There is going to be a 300% increase in the agricultural sales in the next ten years out to 2025 because of the demand for new robotics. Now when you look at the fact that the American Trucking Association in 2010 warned the industry that by 2022 there would be a massive shortfall of 239 000 truckdrivers.
This all goes to the point that Andrew McAfee and Eric Brynjolfsson make in their book The Second Machine Age: Work, progress and prosperity in a time of brilliant technologies where they say that there is going to be a decoupling between US producivity and job growth. The two historically have always gone hand in hand when producitivity increases, jobs grow but in the last few years and in the last decade there has been a clear decoupling and Brynjolfsson and McAfee argue that this is because increasingly robots and technologies are stealing our jobs. And we have seen a precedent to this in the agricultural space before where in the 1950s the agricultural share of US employment was about 21% and today it’s hovering around the 2% mark - a 95% decrease since post world war 2 levels.

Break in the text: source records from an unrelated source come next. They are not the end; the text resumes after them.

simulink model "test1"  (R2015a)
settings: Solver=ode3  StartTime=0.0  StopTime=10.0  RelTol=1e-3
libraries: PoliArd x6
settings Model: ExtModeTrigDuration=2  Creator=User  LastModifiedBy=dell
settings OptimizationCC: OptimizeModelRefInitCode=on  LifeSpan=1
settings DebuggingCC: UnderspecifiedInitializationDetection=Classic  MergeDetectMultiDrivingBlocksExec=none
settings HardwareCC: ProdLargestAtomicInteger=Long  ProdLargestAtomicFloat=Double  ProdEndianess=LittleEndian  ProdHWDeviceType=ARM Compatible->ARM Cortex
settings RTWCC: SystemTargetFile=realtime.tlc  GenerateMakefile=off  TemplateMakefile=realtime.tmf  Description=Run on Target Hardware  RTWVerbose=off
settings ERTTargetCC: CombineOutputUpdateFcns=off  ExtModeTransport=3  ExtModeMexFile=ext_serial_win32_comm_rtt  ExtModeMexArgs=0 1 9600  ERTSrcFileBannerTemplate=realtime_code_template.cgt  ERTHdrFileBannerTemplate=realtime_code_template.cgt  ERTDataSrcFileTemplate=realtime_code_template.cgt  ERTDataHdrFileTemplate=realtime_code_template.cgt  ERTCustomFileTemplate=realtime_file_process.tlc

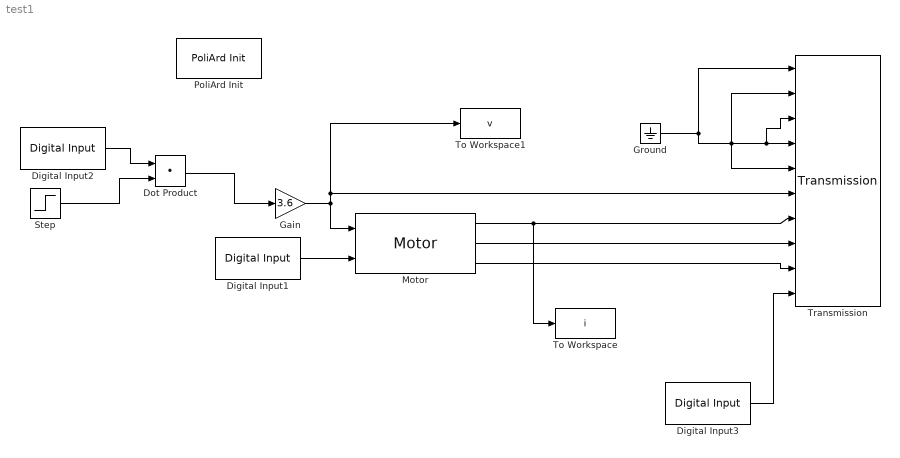
== system test1 ==
  Digital Input1 : PoliArd/Digital Input  DI_pin=3  DIsample=-1
  Digital Input2 : PoliArd/Digital Input  DI_pin=2  DIsample=-1
  Digital Input3 : PoliArd/Digital Input  DI_pin=3  DIsample=-1
  Dot Product : DotProduct  InputSameDT=on  OutDataTypeStr=Inherit: Inherit via internal rule
  Gain : Gain  Gain=3.6
  Ground : Ground
  Motor : PoliArd/Motor  MotorID=1  DC_bus_mask=12  dt_mot=-1
  PoliArd Init : PoliArd/PoliArd Init
  Step : Step  Time=0  SampleTime=0
  To Workspace : ToWorkspace  VariableName=i  SaveFormat=Timeseries  SampleTime=0.0001
  To Workspace1 : ToWorkspace  VariableName=v  SaveFormat=Timeseries  SampleTime=0.0001
  Transmission : PoliArd/Transmission  sample_freq=100  sig_to_send=6
  wires:
  Digital Input1/1 -> Motor/2
  Ground/1 -> Transmission/2, Transmission/5, Transmission/3, Transmission/4, Transmission/1
  Motor/1 -> To Workspace/1, Transmission/7
  Gain/1 -> To Workspace1/1, Transmission/6, Motor/1
  Motor/3 -> Transmission/9
  Motor/2 -> Transmission/8
  Digital Input2/1 -> Dot Product/1
  Step/1 -> Dot Product/2
  Dot Product/1 -> Gain/1
  Digital Input3/1 -> Transmission/10

Again this is largely because humans have been replaced by robots, again if we look at things like US manufacturing jobs contra global industrial robots sales and employment according to the Bank of America and Merryl Lynch Global Investment Strategy Report together with Bloomberg in 2013 we see that we should be long robots and short human beings in this manually intensive space. So these are the three trends we spoke about at the event. The scenario planning exercise that I set up with the attendees in Dallas, Texas resulted in some really interesting discussions about the future of the produce marketing space and produce industry as a whole. I look forward to bringing you more insights into the future of produce and the future of farming and of course how provenance marketing has a huge ability to connect in a age when tradition meets technology.